Le paradoxe des producteurs : le cas ambivalent du Mozambique
Le Mozambique illustre un autre enseignement nuancé du rapport : la vulnérabilité climatique peut surpasser les bénéfices sectoriels, même pour les producteurs d’hydrocarbures. Son PIB est attendu légèrement inférieur au scénario de référence dans les deux cas extrêmes.

Dans le scénario «Net-Zéro», «une réduction de la demande en hydrocarbures pèsera sur les industries du charbon et du gaz» du pays. Mais, et c’est révélateur, dans le scénario catastrophe, «une demande plus forte pour ces biens ne compensera que partiellement les pertes de productivité associées à des chocs économiques plus réguliers».

Même en bénéficiant de prix élevés, les dommages physiques et la baisse structurelle de productivité induits par un climat déréglé annulent les gains sectoriels. Ce qui souligne que la dépendance aux énergies fossiles est un piège à long terme, même sans transition.

L’impératif stratégique : volatilité certaine, adaptation clé
La conclusion stratégique du rapport sur ce sujet est sans équivoque : «Un climat changeant entraînera sans aucun doute une volatilité macroéconomique, quels que soient les progrès réalisés en matière de transition». Une réalité incontournable qui impose une réponse centrale : «La capacité d’adaptation sera fondamentale». Cela exige des entreprises, comme des gouvernements, une approche proactive et résiliente. «Cela nécessite de prévoir des marges de manœuvre dans les budgets et une planification de scénarios prudente».

Au-delà des chiffres, une feuille de route pour la résilience
Ainsi, le rapport Africa Insights transcende la simple modélisation prospective ; il révèle des dynamiques fondamentales dictant l’action immédiate.
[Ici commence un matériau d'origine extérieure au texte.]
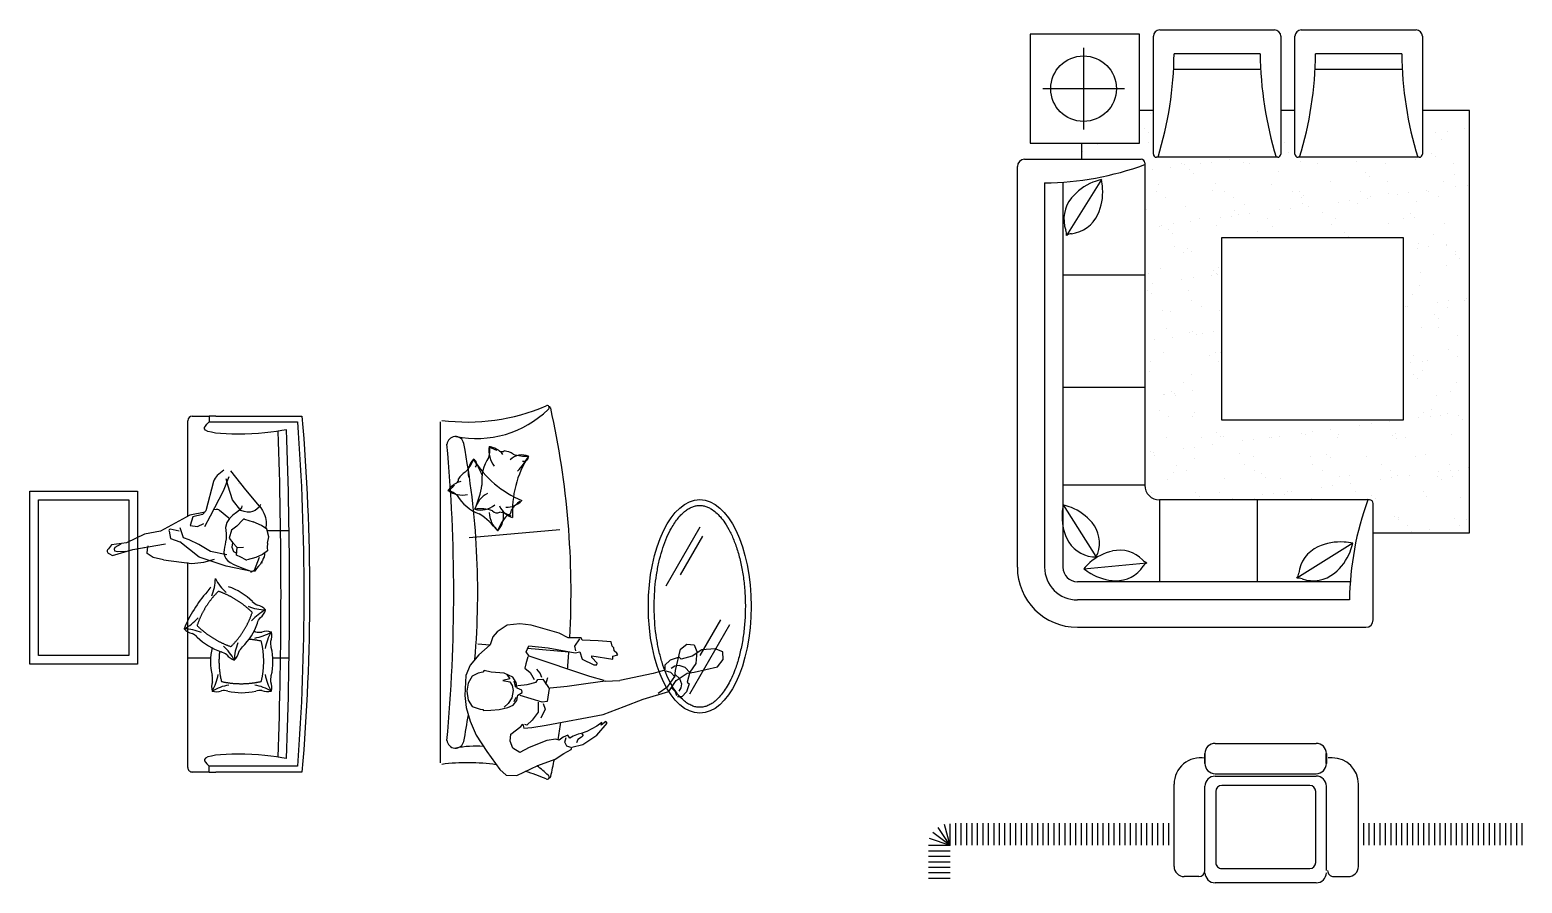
# Model space of a CAD drawing. Extents: x -42728 to 99010, y -18674 to 47645.
# Drawn here: x -23098 to -14904, y 5602 to 10290 of the extents above; entities that cross this region are included whole.
import ezdxf

# ---------------------------------------------------------------- set-up
doc = ezdxf.new("R2010")
doc.units = 0
doc.header["$LTSCALE"] = 100
doc.header["$MEASUREMENT"] = 0
doc.linetypes.add('ACAD_ISO03W100', pattern=[30, 12, -18])
doc.linetypes.add('DASHED', pattern=[0.75, 0.5, -0.25])
doc.layers.get('0').update_dxf_attribs({"linetype": 'CONTINUOUS'})
for name, color, linetype in [('1', 1, 'CONTINUOUS'), ('3', 4, 'CONTINUOUS'), ('4', 251, 'CONTINUOUS'), ('7', 7, 'CONTINUOUS'), ('DIM', 3, 'CONTINUOUS'), ('DOOR', 3, 'CONTINUOUS'), ('FLOOR', 6, 'CONTINUOUS'), ('FUR', 3, 'CONTINUOUS'), ('字体标注', 3, 'CONTINUOUS'), ('家具', 223, 'CONTINUOUS'), ('家具线', 3, 'CONTINUOUS'), ('门窗', 1, 'CONTINUOUS')]:
    doc.layers.add(name, color=color, linetype=linetype)

# ---------------------------------------------------------------- blocks, each defined once
blk = doc.blocks.new('A$C215E2581')
at = {"color": 8}
for p, q in [((583.3, 499.1), (541.2, 337.4)), ((640.5, 561.5), (603.8, 531.3)), ((638.5, 447.5), (668.2, 525.9)), ((663.4, 473), (651.8, 513.3)), ((760.7, 453.2), (677.4, 557.4)), ((566.6, 309.8), (638.5, 447.5)), ((686.9, 397.8), (663.4, 473)), ((720.5, 488.8), (720.5, 488.8)), ((836, 364.2), (760.7, 453.2)), ((537.2, 331.3), (452.8, 314.4)), ((541.2, 337.4), (522.6, 318.3)), ((596.7, 345.5), (583.8, 342.7)), ((667.8, 296.7), (616.7, 340.4)), ((733.3, 339.2), (686.9, 397.8)), ((452.8, 314.4), (292.7, 225.4)), ((469.7, 305.2), (455.3, 256.5)), ((455.3, 256.5), (494.9, 252.2)), ((522.6, 318.3), (469.7, 305.2)), ((494.9, 252.2), (529.8, 268)), ((534.4, 251.9), (566.6, 309.8)), ((710.6, 253.3), (681.1, 231.9)), ((744.6, 289.2), (710.6, 253.3)), ((752.2, 291.4), (800.6, 278.3)), ((846.1, 256.5), (800.6, 278.3)), ((874.9, 237.7), (846.1, 256.5)), ((204.6, 210.4), (104.5, 161.4)), ((292.7, 225.4), (204.6, 210.4)), ((338.7, 225.8), (347, 186.3)), ((394.6, 226.3), (345.1, 237.1)), ((347, 186.3), (397.1, 167)), ((418.1, 190.4), (399.9, 244.4)), ((450, 179.2), (418.1, 190.4)), ((502.8, 153.5), (450, 179.2)), ((681.1, 231.9), (669.5, 187.4)), ((669.5, 187.4), (688.8, 161.3)), ((887.3, 194.2), (874.9, 237.7)), ((879.9, 159.5), (887.3, 194.2)), ((21.9, 151.4), (5.9, 128.8)), ((8.7, 103.2), (27.5, 92.8)), ((104.5, 161.4), (21.9, 151.4)), ((27.5, 92.8), (140.2, 125.4)), ((41.9, 137), (38, 127.8)), ((38, 127.8), (39.4, 118.4)), ((39.4, 118.4), (57.4, 114.7)), ((73.1, 155.1), (41.9, 137)), ((57.4, 114.7), (100.2, 116.5)), ((140.2, 125.4), (319.3, 156.7)), ((200.1, 135.9), (203.7, 135.7)), ((203.7, 135.7), (203.7, 136.5)), ((218.9, 103.6), (219.8, 127.5)), ((252.4, 81.1), (218.9, 103.6)), ((219.8, 127.5), (224.5, 145.2)), ((566.9, 114), (502.8, 153.5)), ((656.1, 96.5), (566.9, 114)), ((686.8, 162.6), (682.8, 138.4)), ((682.8, 138.4), (693.4, 115.3)), ((688.8, 161.3), (713.4, 135.9)), ((693.4, 115.3), (710.3, 105.4)), ((709.1, 93.7), (713.4, 135.9)), ((732.7, 83.6), (709.1, 93.7)), ((713.8, 138.3), (713.4, 135.9)), ((713.4, 135.9), (747.1, 137.7)), ((761.1, 68.9), (732.7, 83.6)), ((852.7, 97.1), (814.5, 81.7)), ((880.1, 119), (852.7, 97.1)), ((879.9, 159.5), (878, 136)), ((878, 136), (880.1, 119)), ((307.6, 68.2), (252.4, 81.1)), ((307.6, 68.2), (463.2, 48.6)), ((463.2, 48.6), (529.8, 56.5)), ((529.8, 56.5), (588.8, 72.7)), ((814.5, 81.7), (766.8, 68.4)), ((805.6, 10.7), (786.6, 0)), ((833.5, 81), (805.6, 10.7))]:
    blk.add_line(p, q, dxfattribs=at)
for points in [[(737.8, 365.3), (736.1, 353.8), (725.2, 342.2), (708.4, 329.4), (689, 314.5), (670.4, 296.4), (655.9, 274.2), (649, 246.9), (652.9, 213.4)], [(841, 372.3), (832.7, 358.9), (822.7, 348.1), (811, 339.7), (797.8, 334), (783.3, 331.1), (767.6, 330.9), (750.9, 333.6), (733.3, 339.2)], [(836, 364.2), (843, 354.1), (852.2, 339.1), (859.2, 325.6), (864.4, 313), (868.1, 301.2), (870.4, 290), (871.7, 279.3), (872, 269.1), (871.8, 259.2), (871.1, 249.7), (870.2, 240.8)], [(792.9, 4.6), (652.1, 33.9), (504.8, 82.8), (397.1, 167)], [(652.9, 213.4), (653.2, 198.3), (651.9, 183.2), (649.5, 168), (646.6, 153.1), (643.7, 138.6), (641.4, 124.5), (640.4, 111.1), (641.1, 98.6), (644.3, 86.9), (650.5, 75.8), (660.5, 65), (675, 54.2), (694.8, 43.1), (720.5, 31.3), (753, 18.5), (792.8, 4.4)], [(863.7, 105.9), (863.7, 105.7), (862.4, 95.8), (860.6, 85.2), (855.6, 76.7), (852.5, 64.9), (846.1, 58.1), (841.1, 45.6), (829.6, 33.2), (819.6, 20.5), (810.7, 7.3), (792.9, 4.6)]]:
    blk.add_lwpolyline(points, dxfattribs=at)
for centre, radius, start, end in [((643.3, 483.5), 61.9, 129.53928, 165.41076), ((601.6, 322.8), 23.2, 49.4175, 102.18826), ((750.2, 283.9), 7.74, 74.87729, 136.58737), ((345.5, 229.3), 7.74, 93.07165, 207.28587), ((14.1, 116.7), 14.5, 124.15445, 248.2478), ((764.7, 75.8), 7.74, 242.72395, 285.5783), ((839.4, 8.1), 44.8, 73.78052, 84.28267)]:
    blk.add_arc(centre, radius, start, end, dxfattribs=at)
blk = doc.blocks.new('A$C78EC310A')
at = {"layer": '3', "color": 3, "linetype": 'DASHED', "ltscale": 30}
for points in [[(493.3, 804.5, 0.111006), (679, 689.1, 0.119549), (796, 876.9, 0.107813), (610.9, 992.9)], [(609.9, 992.6, 0.121865), (493.3, 804.5, 0.121865)], [(627, 497.4, 0.111006), (845.7, 497.6, 0.119549), (845.7, 719, 0.033212), (778.4, 729.2)]]:
    blk.add_lwpolyline(points, format="xyb", dxfattribs=at)
at = {"layer": '3', "color": 3}
for points in [[(573.9, 967.2, 0.091296), (593.6, 1062.4, 0.091296), (653.6, 985.9, 0.091296)], [(774.3, 910.6, 0.091296), (869.4, 890.6, 0.091296), (792.7, 830.9, 0.091296)], [(516.9, 766.5, 0.091296), (421.7, 786.6, 0.091296), (498.5, 846.3, 0.091296)], [(809.4, 736.1, 0.091296), (900.7, 769.4, 0.091296), (867.2, 678.1, 0.091296)], [(717.3, 710, 0.091296), (697.6, 614.7, 0.091296), (637.6, 691.3)], [(667.1, 477.7, 0.091296), (575.7, 444.4, 0.091296), (609.3, 535.6, 0.091296)], [(867.2, 535.6, 0.091296), (900.7, 444.4, 0.091296), (809.4, 477.7)]]:
    blk.add_lwpolyline(points, format="xyb", dxfattribs=at)
at = {"layer": '3', "color": 3, "linetype": 'DASHED', "ltscale": 30}
blk.add_arc((1074, 609.1), 460.7, 173.19556, 194.02838, dxfattribs=at)
at = {"layer": '7'}
for points in [[(697.6, 614.7, 0.159461), (722.7, 659.4, -0.076283), (742.7, 687.2, 0.115075), (824.3, 818.1, -0.076283), (840.5, 848.3, 0.159461), (869.4, 890.6)], [(900.7, 444.4, 0.159461), (898.5, 495.6, -0.076283), (900.7, 529.7, 0.115075), (900.7, 684, -0.076283), (898.5, 718.2, 0.159461), (900.7, 769.4)]]:
    blk.add_lwpolyline(points, format="xyb", dxfattribs=at)
for centre, radius, start, end in [((1080.6, 517.3), 711.8, 138.38179, 157.76439), ((467.9, 1069), 112.9, 315.58539, 333.03435), ((556.9, 696.2), 339.6, 45.13065, 71.38844), ((875.2, 1017.8), 112.9, 225.77185, 243.2208), ((810.7, 842.2), 76.1, 39.47264, 79.6505), ((482.3, 842.4), 82.4, 222.65224, 258.89294), ((415.6, 660.8), 112.9, 45.77185, 63.2208), ((733.9, 982.4), 339.6, 225.13065, 251.38844), ((738.3, 439.1), 339.6, 77.05756, 78.7033), ((838.4, 880.4), 112.9, 257.69876, 275.14771), ((876.5, 697.2), 76.1, 71.39955, 111.57741), ((906.5, 606.9), 339.6, 166.87111, 193.12889), ((588.3, 554), 112.9, 53.29829, 70.74724), ((729.3, 703.5), 94.3, 218.77541, 250.35713), ((655.1, 466.5), 82.4, 159.36661, 195.60731), ((465.6, 505.3), 112.9, 355.03874, 12.4877), ((597.7, 523.8), 82.4, 254.57915, 290.81985), ((637.1, 334.4), 112.9, 77.69876, 95.14771), ((737.2, 775.6), 339.6, 257.05756, 283.31535), ((840.1, 335), 112.9, 85.2252, 102.67415), ((880.7, 536.5), 94.3, 250.70232, 282.28404)]:
    blk.add_arc(centre, radius, start, end, dxfattribs=at)
at = {"layer": '家具', "color": 4, "linetype": 'Continuous', "ltscale": 0.4}
for p, q in [((441.6, 1407.2), (441.6, 1929.8)), ((559.3, 1954.5), (559.3, 1923.2)), ((596.7, 1954.5), (559.3, 1954.5)), ((441.6, 24.8), (441.6, 1150.6))]:
    blk.add_line(p, q, dxfattribs=at)
at = {"layer": '家具', "color": 4, "linetype": 'Continuous'}
for q in [(559.3, 31.4), (596.7, 0)]:
    blk.add_line((559.3, 0), q, dxfattribs=at)
at = {"layer": '家具', "color": 4, "linetype": 'Continuous', "ltscale": 0.4}
for points in [[(466.4, 1954.5), (559.3, 1954.5)], [(596.7, 1954.5), (690.6, 1954.5)], [(559.3, 0), (466.4, 0)], [(627.9, 0), (596.7, 0)]]:
    blk.add_lwpolyline(points, dxfattribs=at)
blk.add_lwpolyline([(690.6, 1954.5), (1068.9, 1954.5, -0.042801), (1068.9, 0), (627.9, 0)], format="xyb", dxfattribs=at)
for centre, radius, start, end in [((466.4, 1929.8), 24.8, 90, 180), ((-24076.1, 977.3), 25077, 357.93533, 2.06467)]:
    blk.add_arc(centre, radius, start, end, dxfattribs=at)
at = {"layer": '家具', "color": 4, "linetype": 'Continuous'}
blk.add_arc((466.4, 24.8), 24.8, 180, 270, dxfattribs=at)
at = {"layer": '家具', "color": 4, "linetype": 'Continuous', "ltscale": 0.4}
for points in [[(984.7, 1880.7), (915.9, 1866.8), (752.2, 1846.6), (505.8, 1865.9), (541.3, 1903.6), (559.3, 1923.2)], [(984.7, 73.8), (915.9, 87.7), (752.2, 108), (505.8, 88.6), (541.3, 50.9), (559.3, 31.4)]]:
    blk.add_open_spline(points, degree=3, knots=[7.164699, 7.164699, 7.164699, 7.164699, 321.403174, 563.581181, 649.604434, 649.604434, 649.604434, 649.604434], dxfattribs=at)
at = {"layer": '家具线', "color": 3, "linetype": 'Continuous', "ltscale": 0.4}
for p, q in [((878, 1327.3), (999, 1327.3)), ((441.6, 627.3), (567.5, 627.3)), ((909, 627.3), (999, 627.3))]:
    blk.add_line(p, q, dxfattribs=at)
blk.add_lwpolyline([(559.3, 1923.2), (1044.4, 1923.2, -0.03698), (1044.4, 31.4), (559.3, 31.4)], format="xyb", dxfattribs=at)
blk.add_arc((-25093.7, 979.9), 26047.6, 358.0258, 1.96028, dxfattribs=at)
blk.add_blockref('A$C215E2581', (0.4, 1097.1))
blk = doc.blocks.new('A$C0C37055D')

La transition vers une économie durable implique un coût tangible à court terme, principalement via l’inflation induite par les politiques climatiques, mais ce coût est dérisoire face au prix exorbitant de l’inaction, particulièrement pour l’Afrique, continent structurellement exposé aux chocs climatiques.

Plus fondamentalement, les risques sont profondément asymétriques. Un échec global de la transition climatique infligerait des dommages bien plus sévères aux économies africaines – comme en attestent les pertes potentielles de 30% du PIB au Botswana ou 25% au Kenya d’ici 2050 – que les ajustements requis par la transition elle-même. Une vulnérabilité qui ne connaît toutefois aucune exception, comme le démontre le cas ambivalent du Mozambique qui révèle que même les économies dépendantes des hydrocarbures subissent des pertes nettes dans un scénario de catastrophe climatique, où des gains sectoriels éventuels sont annihilés par les pertes de productivité dues aux dérèglements climatiques généralisés, faisant d’elles des victimes collatérales inévitables.

Une réalité qui consacre l’inéluctabilité de la volatilité macroéconomique liée au climat, qui doit désormais intégrer le cœur de la planification stratégique et financière, exigeant impérativement l’incorporation de marges de sécurité robustes et une agilité opérationnelle accrue.

Par conséquent, l’adaptation systémique cesse d’être une option pour devenir un impératif de survie économique ; la capacité à anticiper les chocs, absorber leur impact et se réinventer face à la double pression du dérèglement climatique et de la transition énergétique mondiale s’impose comme la compétence stratégique ultime pour tout décideur africain ou acteur économique sur le continent.

L’heure est à la planification prudente de scénarios

Le rapport sonne l’alarme : l’Afrique ne peut se permettre d’être spectatrice. Sa résilience économique future dépend de sa capacité à intégrer cette analyse dans ses politiques, ses investissements et ses modèles d’affaires, transformant la contrainte climatique en levier d’une croissance véritablement durable et inclusive. Comme le souligne implicitement le rapport, l’heure n’est plus à la seule réflexion, mais à «une planification de scénarios prudente» et à l’action anticipatrice.